Tuesday, May 10, 2011
The economist John Kenneth Galbraith once wrote that “[n]othing in American business attitudes is so iniquitous as government interference in the internal affairs of the corporation.” J. Galbraith, THE NEW INDUSTRIAL STATE 77 (1967). Note the strong word: iniquitous. Iniquity means “wickedness" or "gross injustice." This is indeed a serious issue for American business.
Galbraith’s observation leads well into what I perceive to be another wall or barrier that environmental laws (and scholars of environmental law) come up against: the industrial production process. Instead of being able to focus on how production processes may be resource-intensive or otherwise environmentally-harmful, our environmental laws are often limited to just dealing with their waste outputs. A few examples:
- As exemplified in the early Clean Air Act case National Lime Assn v. EPA (DC Cir, 1980), the EPA has limited ability to influence the inputs to the production process when writing standards. Rather, government has to take the industry as is, setting standards that conform to the way the industry produces. The question for the regulator is not: How could you produce this product in a way that reduces pollution? But rather: Given that you produce it in this way, what is the level of pollution control required?
- The Pollution Prevention Act is in some ways bold and innovative, but it is does not mandate pollution prevention. Why not? Perhaps because it cuts to close to interfering in the internal affairs of the corporation.
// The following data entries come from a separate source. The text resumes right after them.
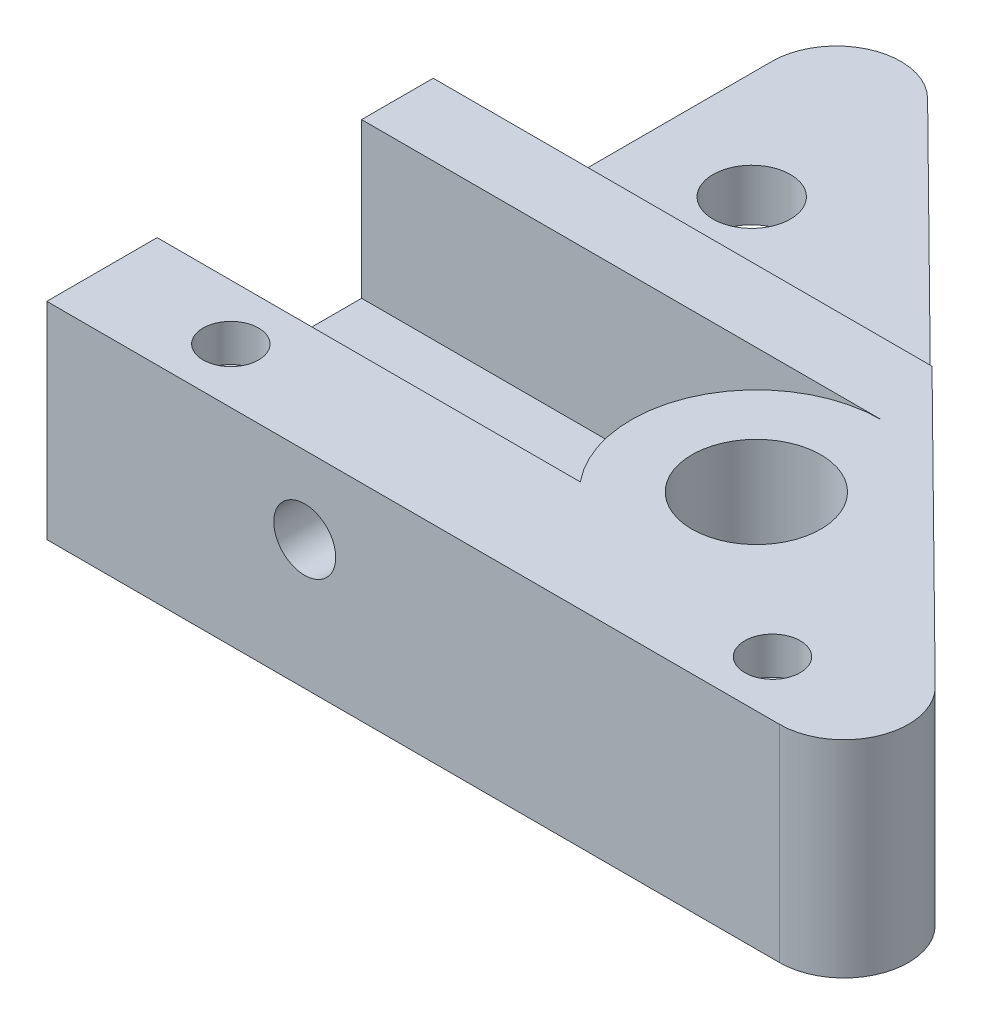
ISO-10303-21;
HEADER;
FILE_DESCRIPTION(('STEP AP214'),'2;1');
FILE_NAME('part.step','',(''),(''),'','','');
FILE_SCHEMA(('AUTOMOTIVE_DESIGN { 1 0 10303 214 1 1 1 1 }'));
ENDSEC;
DATA;
#1=APPLICATION_CONTEXT('core data for automotive mechanical design processes');
#2=APPLICATION_PROTOCOL_DEFINITION('international standard','automotive_design',2000,#1);
#3=PRODUCT_CONTEXT('',#1,'mechanical');
#4=PRODUCT('Part','Part','',(#3));
#5=PRODUCT_RELATED_PRODUCT_CATEGORY('part','',(#4));
#6=PRODUCT_DEFINITION_FORMATION('','',#4);
#7=PRODUCT_DEFINITION_CONTEXT('part definition',#1,'design');
#8=PRODUCT_DEFINITION('design','',#6,#7);
#9=PRODUCT_DEFINITION_SHAPE('','',#8);
#10=(LENGTH_UNIT() NAMED_UNIT(*) SI_UNIT(.MILLI.,.METRE.));
#11=(NAMED_UNIT(*) PLANE_ANGLE_UNIT() SI_UNIT($,.RADIAN.));
#12=(NAMED_UNIT(*) SI_UNIT($,.STERADIAN.) SOLID_ANGLE_UNIT());
#13=UNCERTAINTY_MEASURE_WITH_UNIT(LENGTH_MEASURE(1.E-05),#10,'distance_accuracy_value','');
#14=(GEOMETRIC_REPRESENTATION_CONTEXT(3) GLOBAL_UNCERTAINTY_ASSIGNED_CONTEXT((#13)) GLOBAL_UNIT_ASSIGNED_CONTEXT((#10,
#11,#12)) REPRESENTATION_CONTEXT('',''));
#15=CARTESIAN_POINT('',(0.,0.,0.));
#16=DIRECTION('',(0.,0.,1.));
#17=DIRECTION('',(1.,0.,0.));
#18=AXIS2_PLACEMENT_3D('',#15,#16,#17);
#19=CARTESIAN_POINT('',(0.,4.,0.));
#20=DIRECTION('',(0.,-1.,0.));
#21=DIRECTION('',(0.,0.,-1.));
#22=AXIS2_PLACEMENT_3D('',#19,#20,#21);
#23=PLANE('',#22);
#24=CARTESIAN_POINT('',(2.5213865198942,4.,-36.4963794963007));
#25=DIRECTION('',(0.,1.,0.));
#26=DIRECTION('',(0.,0.,1.));
#27=AXIS2_PLACEMENT_3D('',#24,#25,#26);
#28=CIRCLE('',#27,3.);
#29=CARTESIAN_POINT('',(2.5213865198942,4.,-33.4963794963007));
#30=VERTEX_POINT('',#29);
#31=EDGE_CURVE('E148',#30,#30,#28,.T.);
#32=ORIENTED_EDGE('',*,*,#31,.F.);
#33=EDGE_LOOP('',(#32));
#34=FACE_BOUND('',#33,.T.);
#35=DIRECTION('',(0.,0.,1.));
#36=VECTOR('',#35,1.);
#37=CARTESIAN_POINT('',(-5.79032676316651,4.,-58.3473631167096));
#38=LINE('',#37,#36);
#39=CARTESIAN_POINT('',(-5.79032676316651,4.,-46.3731764406958));
#40=VERTEX_POINT('',#39);
#41=CARTESIAN_POINT('',(-5.79032676316651,4.,-20.1091888870764));
#42=VERTEX_POINT('',#41);
#43=EDGE_CURVE('E158',#40,#42,#38,.T.);
#44=ORIENTED_EDGE('',*,*,#43,.T.);
#45=DIRECTION('',(1.,0.,0.));
#46=VECTOR('',#45,1.);
#47=CARTESIAN_POINT('',(0.,4.,-20.1091888870764));
#48=LINE('',#47,#46);
#49=CARTESIAN_POINT('',(32.8873723225019,4.,-20.1091888870764));
#50=VERTEX_POINT('',#49);
#51=EDGE_CURVE('E233',#42,#50,#48,.T.);
#52=ORIENTED_EDGE('',*,*,#51,.T.);
#53=DIRECTION('',(-0.711135832081653,0.,-0.703054641069622));
#54=VECTOR('',#53,1.);
#55=CARTESIAN_POINT('',(-5.79032676316651,4.,-58.3473631167096));
#56=LINE('',#55,#54);
#57=CARTESIAN_POINT('',(2.7249464421816,4.,-49.928855601104));
#58=VERTEX_POINT('',#57);
#59=EDGE_CURVE('E154',#50,#58,#56,.T.);
#60=ORIENTED_EDGE('',*,*,#59,.T.);
#61=CARTESIAN_POINT('',(-0.790326763166514,4.,-46.3731764406958));
#62=DIRECTION('',(0.,-1.,0.));
#63=DIRECTION('',(0.,0.,-1.));
#64=AXIS2_PLACEMENT_3D('',#61,#62,#63);
#65=CIRCLE('',#64,5.);
#66=EDGE_CURVE('E44',#58,#40,#65,.F.);
#67=ORIENTED_EDGE('',*,*,#66,.T.);
#68=EDGE_LOOP('',(#44,#52,#60,#67));
#69=FACE_BOUND('',#68,.T.);
#70=ADVANCED_FACE('F36',(#34,#69),#23,.F.);
#71=CARTESIAN_POINT('',(34.5199864892679,4.,-4.85637949630069));
#72=DIRECTION('',(0.,1.,0.));
#73=DIRECTION('',(0.,0.,1.));
#74=AXIS2_PLACEMENT_3D('',#71,#72,#73);
#75=CIRCLE('',#74,9.69900233067128);
#76=CARTESIAN_POINT('',(34.5199864892679,4.,-14.555381826972));
#77=VERTEX_POINT('',#76);
#78=CARTESIAN_POINT('',(27.0224363559879,4.,1.29645628968623));
#79=VERTEX_POINT('',#78);
#80=EDGE_CURVE('E51',#77,#79,#75,.T.);
#81=ORIENTED_EDGE('',*,*,#80,.F.);
#82=DIRECTION('',(-1.,0.,0.));
#83=VECTOR('',#82,1.);
#84=CARTESIAN_POINT('',(0.,4.,-14.555381826972));
#85=LINE('',#84,#83);
#86=CARTESIAN_POINT('',(-5.79032676316651,4.,-14.555381826972));
#87=VERTEX_POINT('',#86);
#88=EDGE_CURVE('E136',#77,#87,#85,.T.);
#89=ORIENTED_EDGE('',*,*,#88,.T.);
#90=CARTESIAN_POINT('',(-5.79032676316651,4.,1.29645628968623));
#91=VERTEX_POINT('',#90);
#92=EDGE_CURVE('E156',#87,#91,#38,.T.);
#93=ORIENTED_EDGE('',*,*,#92,.T.);
#94=DIRECTION('',(-1.,0.,0.));
#95=VECTOR('',#94,1.);
#96=CARTESIAN_POINT('',(0.,4.,1.29645628968623));
#97=LINE('',#96,#95);
#98=EDGE_CURVE('E56',#79,#91,#97,.T.);
#99=ORIENTED_EDGE('',*,*,#98,.F.);
#100=EDGE_LOOP('',(#81,#89,#93,#99));
#101=FACE_BOUND('',#100,.T.);
#102=ADVANCED_FACE('F248',(#101),#23,.F.);
#103=CARTESIAN_POINT('',(0.,0.,0.));
#104=DIRECTION('',(0.,-1.,0.));
#105=DIRECTION('',(0.,0.,-1.));
#106=AXIS2_PLACEMENT_3D('',#103,#104,#105);
#107=PLANE('',#106);
#108=CARTESIAN_POINT('',(2.5213865198942,0.,-36.4963794963007));
#109=DIRECTION('',(0.,1.,0.));
#110=DIRECTION('',(0.,0.,1.));
#111=AXIS2_PLACEMENT_3D('',#108,#109,#110);
#112=CIRCLE('',#111,3.);
#113=CARTESIAN_POINT('',(2.5213865198942,0.,-33.4963794963007));
#114=VERTEX_POINT('',#113);
#115=EDGE_CURVE('E142',#114,#114,#112,.T.);
#116=ORIENTED_EDGE('',*,*,#115,.T.);
#117=EDGE_LOOP('',(#116));
#118=FACE_BOUND('',#117,.T.);
#119=DIRECTION('',(0.,0.,1.));
#120=VECTOR('',#119,1.);
#121=CARTESIAN_POINT('',(-5.79032676316651,0.,-58.3473631167096));
#122=LINE('',#121,#120);
#123=CARTESIAN_POINT('',(-5.79032676316651,0.,-46.3731764406958));
#124=VERTEX_POINT('',#123);
#125=CARTESIAN_POINT('',(-5.79032676316651,0.,9.85213545009449));
#126=VERTEX_POINT('',#125);
#127=EDGE_CURVE('E163',#124,#126,#122,.T.);
#128=ORIENTED_EDGE('',*,*,#127,.F.);
#129=CARTESIAN_POINT('',(-0.790326763166514,0.,-46.3731764406958));
#130=DIRECTION('',(0.,-1.,0.));
#131=DIRECTION('',(0.,0.,-1.));
#132=AXIS2_PLACEMENT_3D('',#129,#130,#131);
#133=CIRCLE('',#132,5.);
#134=CARTESIAN_POINT('',(2.7249464421816,0.,-49.928855601104));
#135=VERTEX_POINT('',#134);
#136=EDGE_CURVE('E174',#124,#135,#133,.T.);
#137=ORIENTED_EDGE('',*,*,#136,.T.);
#138=DIRECTION('',(-0.711135832081653,0.,-0.703054641069622));
#139=VECTOR('',#138,1.);
#140=CARTESIAN_POINT('',(-5.79032676316651,0.,-58.3473631167096));
#141=LINE('',#140,#139);
#142=CARTESIAN_POINT('',(54.5390625394423,0.,1.29645628968623));
#143=VERTEX_POINT('',#142);
#144=EDGE_CURVE('E151',#143,#135,#141,.T.);
#145=ORIENTED_EDGE('',*,*,#144,.F.);
#146=CARTESIAN_POINT('',(51.0237893340942,0.,4.8521354500945));
#147=DIRECTION('',(0.,-1.,0.));
#148=DIRECTION('',(0.,0.,-1.));
#149=AXIS2_PLACEMENT_3D('',#146,#147,#148);
#150=CIRCLE('',#149,5.);
#151=CARTESIAN_POINT('',(51.0237893340942,0.,9.85213545009449));
#152=VERTEX_POINT('',#151);
#153=EDGE_CURVE('E172',#143,#152,#150,.T.);
#154=ORIENTED_EDGE('',*,*,#153,.T.);
#155=DIRECTION('',(1.,0.,0.));
#156=VECTOR('',#155,1.);
#157=CARTESIAN_POINT('',(-5.79032676316651,0.,9.85213545009449));
#158=LINE('',#157,#156);
#159=EDGE_CURVE('E157',#126,#152,#158,.T.);
#160=ORIENTED_EDGE('',*,*,#159,.F.);
#161=EDGE_LOOP('',(#128,#137,#145,#154,#160));
#162=FACE_BOUND('',#161,.T.);
#163=CARTESIAN_POINT('',(34.5199864892679,0.,-4.85637949630069));
#164=DIRECTION('',(0.,1.,0.));
#165=DIRECTION('',(0.,0.,1.));
#166=AXIS2_PLACEMENT_3D('',#163,#164,#165);
#167=CIRCLE('',#166,5.);
#168=CARTESIAN_POINT('',(34.5199864892679,0.,0.143620503699315));
#169=VERTEX_POINT('',#168);
#170=EDGE_CURVE('E139',#169,#169,#167,.T.);
#171=ORIENTED_EDGE('',*,*,#170,.T.);
#172=EDGE_LOOP('',(#171));
#173=FACE_BOUND('',#172,.T.);
#174=ADVANCED_FACE('F198',(#118,#162,#173),#107,.T.);
#175=CARTESIAN_POINT('',(-5.79032676316651,4.,-58.3473631167096));
#176=DIRECTION('',(-0.703054641069622,0.,0.711135832081653));
#177=DIRECTION('',(0.711135832081653,0.,0.703054641069622));
#178=AXIS2_PLACEMENT_3D('',#175,#176,#177);
#179=PLANE('',#178);
#180=ORIENTED_EDGE('',*,*,#144,.T.);
#181=DIRECTION('',(0.,-1.,0.));
#182=VECTOR('',#181,1.);
#183=CARTESIAN_POINT('',(2.7249464421816,4.,-49.928855601104));
#184=LINE('',#183,#182);
#185=EDGE_CURVE('E179',#135,#58,#184,.F.);
#186=ORIENTED_EDGE('',*,*,#185,.T.);
#187=ORIENTED_EDGE('',*,*,#59,.F.);
#188=DIRECTION('',(0.,-1.,0.));
#189=VECTOR('',#188,1.);
#190=CARTESIAN_POINT('',(32.8873723225019,16.,-20.1091888870764));
#191=LINE('',#190,#189);
#192=CARTESIAN_POINT('',(32.8873723225019,16.,-20.1091888870764));
#193=VERTEX_POINT('',#192);
#194=EDGE_CURVE('E144',#193,#50,#191,.T.);
#195=ORIENTED_EDGE('',*,*,#194,.F.);
#196=DIRECTION('',(-0.711135832081653,0.,-0.703054641069622));
#197=VECTOR('',#196,1.);
#198=CARTESIAN_POINT('',(26.3096998917406,16.,-26.6121140966606));
#199=LINE('',#198,#197);
#200=CARTESIAN_POINT('',(54.5390625394423,16.,1.29645628968623));
#201=VERTEX_POINT('',#200);
#202=EDGE_CURVE('E205',#201,#193,#199,.T.);
#203=ORIENTED_EDGE('',*,*,#202,.F.);
#204=DIRECTION('',(0.,-1.,0.));
#205=VECTOR('',#204,1.);
#206=CARTESIAN_POINT('',(54.5390625394423,4.,1.29645628968623));
#207=LINE('',#206,#205);
#208=EDGE_CURVE('E176',#201,#143,#207,.T.);
#209=ORIENTED_EDGE('',*,*,#208,.T.);
#210=EDGE_LOOP('',(#180,#186,#187,#195,#203,#209));
#211=FACE_BOUND('',#210,.T.);
#212=ADVANCED_FACE('F202',(#211),#179,.F.);
#213=CARTESIAN_POINT('',(-5.79032676316651,4.,-58.3473631167096));
#214=DIRECTION('',(1.,0.,0.));
#215=DIRECTION('',(0.,0.,-1.));
#216=AXIS2_PLACEMENT_3D('',#213,#214,#215);
#217=PLANE('',#216);
#218=ORIENTED_EDGE('',*,*,#43,.F.);
#219=DIRECTION('',(0.,-1.,0.));
#220=VECTOR('',#219,1.);
#221=CARTESIAN_POINT('',(-5.79032676316651,4.,-46.3731764406958));
#222=LINE('',#221,#220);
#223=EDGE_CURVE('E169',#40,#124,#222,.T.);
#224=ORIENTED_EDGE('',*,*,#223,.T.);
#225=ORIENTED_EDGE('',*,*,#127,.T.);
#226=DIRECTION('',(0.,-1.,0.));
#227=VECTOR('',#226,1.);
#228=CARTESIAN_POINT('',(-5.79032676316651,4.,9.85213545009449));
#229=LINE('',#228,#227);
#230=CARTESIAN_POINT('',(-5.79032676316651,16.,9.85213545009449));
#231=VERTEX_POINT('',#230);
#232=EDGE_CURVE('E160',#231,#126,#229,.T.);
#233=ORIENTED_EDGE('',*,*,#232,.F.);
#234=DIRECTION('',(0.,0.,1.));
#235=VECTOR('',#234,1.);
#236=CARTESIAN_POINT('',(-5.79032676316651,16.,0.));
#237=LINE('',#236,#235);
#238=CARTESIAN_POINT('',(-5.79032676316651,16.,1.29645628968623));
#239=VERTEX_POINT('',#238);
#240=EDGE_CURVE('E126',#239,#231,#237,.T.);
#241=ORIENTED_EDGE('',*,*,#240,.F.);
#242=DIRECTION('',(0.,-1.,0.));
#243=VECTOR('',#242,1.);
#244=CARTESIAN_POINT('',(-5.79032676316651,16.,1.29645628968623));
#245=LINE('',#244,#243);
#246=EDGE_CURVE('E122',#239,#91,#245,.T.);
#247=ORIENTED_EDGE('',*,*,#246,.T.);
#248=ORIENTED_EDGE('',*,*,#92,.F.);
#249=DIRECTION('',(0.,-1.,0.));
#250=VECTOR('',#249,1.);
#251=CARTESIAN_POINT('',(-5.79032676316651,16.,-14.555381826972));
#252=LINE('',#251,#250);
#253=CARTESIAN_POINT('',(-5.79032676316651,16.,-14.555381826972));
#254=VERTEX_POINT('',#253);
#255=EDGE_CURVE('E237',#254,#87,#252,.T.);
#256=ORIENTED_EDGE('',*,*,#255,.F.);
#257=DIRECTION('',(0.,0.,1.));
#258=VECTOR('',#257,1.);
#259=CARTESIAN_POINT('',(-5.79032676316651,16.,0.));
#260=LINE('',#259,#258);
#261=CARTESIAN_POINT('',(-5.79032676316651,16.,-20.1091888870764));
#262=VERTEX_POINT('',#261);
#263=EDGE_CURVE('E223',#262,#254,#260,.T.);
#264=ORIENTED_EDGE('',*,*,#263,.F.);
#265=DIRECTION('',(0.,-1.,0.));
#266=VECTOR('',#265,1.);
#267=CARTESIAN_POINT('',(-5.79032676316651,16.,-20.1091888870764));
#268=LINE('',#267,#266);
#269=EDGE_CURVE('E193',#262,#42,#268,.T.);
#270=ORIENTED_EDGE('',*,*,#269,.T.);
#271=EDGE_LOOP('',(#218,#224,#225,#233,#241,#247,#248,#256,#264,#270));
#272=FACE_BOUND('',#271,.T.);
#273=ADVANCED_FACE('F190',(#272),#217,.F.);
#274=CARTESIAN_POINT('',(-5.79032676316651,4.,9.85213545009449));
#275=DIRECTION('',(0.,0.,-1.));
#276=DIRECTION('',(-1.,0.,0.));
#277=AXIS2_PLACEMENT_3D('',#274,#275,#276);
#278=PLANE('',#277);
#279=CARTESIAN_POINT('',(14.2096732368335,10.,9.85213545009449));
#280=DIRECTION('',(0.,0.,-1.));
#281=DIRECTION('',(-1.,0.,0.));
#282=AXIS2_PLACEMENT_3D('',#279,#280,#281);
#283=CIRCLE('',#282,2.40187164140282);
#284=CARTESIAN_POINT('',(11.8078015954307,10.,9.85213545009449));
#285=VERTEX_POINT('',#284);
#286=EDGE_CURVE('E231',#285,#285,#283,.T.);
#287=ORIENTED_EDGE('',*,*,#286,.T.);
#288=EDGE_LOOP('',(#287));
#289=FACE_BOUND('',#288,.T.);
#290=ORIENTED_EDGE('',*,*,#159,.T.);
#291=DIRECTION('',(0.,-1.,0.));
#292=VECTOR('',#291,1.);
#293=CARTESIAN_POINT('',(51.0237893340942,4.,9.85213545009449));
#294=LINE('',#293,#292);
#295=CARTESIAN_POINT('',(51.0237893340942,16.,9.8521354500945));
#296=VERTEX_POINT('',#295);
#297=EDGE_CURVE('E11',#152,#296,#294,.F.);
#298=ORIENTED_EDGE('',*,*,#297,.T.);
#299=DIRECTION('',(1.,0.,0.));
#300=VECTOR('',#299,1.);
#301=CARTESIAN_POINT('',(0.,16.,9.85213545009449));
#302=LINE('',#301,#300);
#303=EDGE_CURVE('E214',#231,#296,#302,.T.);
#304=ORIENTED_EDGE('',*,*,#303,.F.);
#305=ORIENTED_EDGE('',*,*,#232,.T.);
#306=EDGE_LOOP('',(#290,#298,#304,#305));
#307=FACE_BOUND('',#306,.T.);
#308=ADVANCED_FACE('F310',(#289,#307),#278,.F.);
#309=CARTESIAN_POINT('',(2.5213865198942,4.,-36.4963794963007));
#310=DIRECTION('',(0.,-1.,0.));
#311=DIRECTION('',(0.,0.,-1.));
#312=AXIS2_PLACEMENT_3D('',#309,#310,#311);
#313=CYLINDRICAL_SURFACE('',#312,3.);
#314=ORIENTED_EDGE('',*,*,#31,.T.);
#315=EDGE_LOOP('',(#314));
#316=FACE_BOUND('',#315,.T.);
#317=ORIENTED_EDGE('',*,*,#115,.F.);
#318=EDGE_LOOP('',(#317));
#319=FACE_BOUND('',#318,.T.);
#320=ADVANCED_FACE('F305',(#316,#319),#313,.F.);
#321=CARTESIAN_POINT('',(34.5199864892679,4.,-4.85637949630069));
#322=DIRECTION('',(0.,-1.,0.));
#323=DIRECTION('',(0.,0.,-1.));
#324=AXIS2_PLACEMENT_3D('',#321,#322,#323);
#325=CYLINDRICAL_SURFACE('',#324,5.);
#326=ORIENTED_EDGE('',*,*,#170,.F.);
#327=EDGE_LOOP('',(#326));
#328=FACE_BOUND('',#327,.T.);
#329=CARTESIAN_POINT('',(34.5199864892679,16.,-4.85637949630069));
#330=DIRECTION('',(0.,1.,0.));
#331=DIRECTION('',(0.,0.,1.));
#332=AXIS2_PLACEMENT_3D('',#329,#330,#331);
#333=CIRCLE('',#332,5.);
#334=CARTESIAN_POINT('',(34.5199864892679,16.,0.143620503699315));
#335=VERTEX_POINT('',#334);
#336=EDGE_CURVE('E226',#335,#335,#333,.F.);
#337=ORIENTED_EDGE('',*,*,#336,.F.);
#338=EDGE_LOOP('',(#337));
#339=FACE_BOUND('',#338,.T.);
#340=ADVANCED_FACE('F318',(#328,#339),#325,.F.);
#341=CARTESIAN_POINT('',(-0.790326763166514,4.,-46.3731764406958));
#342=DIRECTION('',(0.,-1.,0.));
#343=DIRECTION('',(0.,0.,-1.));
#344=AXIS2_PLACEMENT_3D('',#341,#342,#343);
#345=CYLINDRICAL_SURFACE('',#344,5.);
#346=ORIENTED_EDGE('',*,*,#66,.F.);
#347=ORIENTED_EDGE('',*,*,#185,.F.);
#348=ORIENTED_EDGE('',*,*,#136,.F.);
#349=ORIENTED_EDGE('',*,*,#223,.F.);
#350=EDGE_LOOP('',(#346,#347,#348,#349));
#351=FACE_BOUND('',#350,.T.);
#352=ADVANCED_FACE('F195',(#351),#345,.T.);
#353=CARTESIAN_POINT('',(51.0237893340942,4.,4.8521354500945));
#354=DIRECTION('',(0.,-1.,0.));
#355=DIRECTION('',(0.,0.,-1.));
#356=AXIS2_PLACEMENT_3D('',#353,#354,#355);
#357=CYLINDRICAL_SURFACE('',#356,5.);
#358=ORIENTED_EDGE('',*,*,#208,.F.);
#359=CARTESIAN_POINT('',(51.0237893340942,16.,4.8521354500945));
#360=DIRECTION('',(0.,1.,0.));
#361=DIRECTION('',(0.,0.,1.));
#362=AXIS2_PLACEMENT_3D('',#359,#360,#361);
#363=CIRCLE('',#362,5.);
#364=EDGE_CURVE('E210',#296,#201,#363,.T.);
#365=ORIENTED_EDGE('',*,*,#364,.F.);
#366=ORIENTED_EDGE('',*,*,#297,.F.);
#367=ORIENTED_EDGE('',*,*,#153,.F.);
#368=EDGE_LOOP('',(#358,#365,#366,#367));
#369=FACE_BOUND('',#368,.T.);
#370=ADVANCED_FACE('F38',(#369),#357,.T.);
#371=CARTESIAN_POINT('',(34.5199864892679,16.,-4.85637949630069));
#372=DIRECTION('',(0.,-1.,0.));
#373=DIRECTION('',(0.,0.,-1.));
#374=AXIS2_PLACEMENT_3D('',#371,#372,#373);
#375=CYLINDRICAL_SURFACE('',#374,9.69900233067128);
#376=ORIENTED_EDGE('',*,*,#80,.T.);
#377=DIRECTION('',(0.,-1.,0.));
#378=VECTOR('',#377,1.);
#379=CARTESIAN_POINT('',(27.0224363559879,16.,1.29645628968623));
#380=LINE('',#379,#378);
#381=CARTESIAN_POINT('',(27.0224363559879,16.,1.29645628968623));
#382=VERTEX_POINT('',#381);
#383=EDGE_CURVE('E120',#382,#79,#380,.T.);
#384=ORIENTED_EDGE('',*,*,#383,.F.);
#385=CARTESIAN_POINT('',(34.5199864892679,16.,-4.85637949630069));
#386=DIRECTION('',(0.,1.,0.));
#387=DIRECTION('',(0.,0.,1.));
#388=AXIS2_PLACEMENT_3D('',#385,#386,#387);
#389=CIRCLE('',#388,9.69900233067128);
#390=CARTESIAN_POINT('',(34.5199864892679,16.,-14.555381826972));
#391=VERTEX_POINT('',#390);
#392=EDGE_CURVE('E127',#391,#382,#389,.T.);
#393=ORIENTED_EDGE('',*,*,#392,.F.);
#394=DIRECTION('',(0.,-1.,0.));
#395=VECTOR('',#394,1.);
#396=CARTESIAN_POINT('',(34.5199864892679,16.,-14.555381826972));
#397=LINE('',#396,#395);
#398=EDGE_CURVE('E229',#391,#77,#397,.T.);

- Under the Resource Conservation and Recovery Act, the producers (or generators) of hazardous waste are only lightly regulated. Extensive litigation about what is or is not “discarded” has also limited the government’s regulatory reach with respect to those facilities that engage in the treatment, disposal and storage of hazardous wastes.
- The federal environmental law that had the potential to most affect (or interfere with) the industrial production process is the Toxic Substances Control Act. It has been a failure and reform is currently on the legislative agenda. In 2009, the Government Accountability Office included “transforming EPA’s processes for assessing and controlling toxic chemicals” on a list of 30 high risk areas in government operations. That means it is an area of governmental action that is not working well and has important implications for the country’s economic and political well-being. Another high-risk area identified in 2009 was “modernizing the outdated US financial regulatory system.”
I find myself wondering the following: How far can an environmental law framework that has internalized American business's moral repugnance to governmental interference in production processes take us towards an environmentally sustainable economy?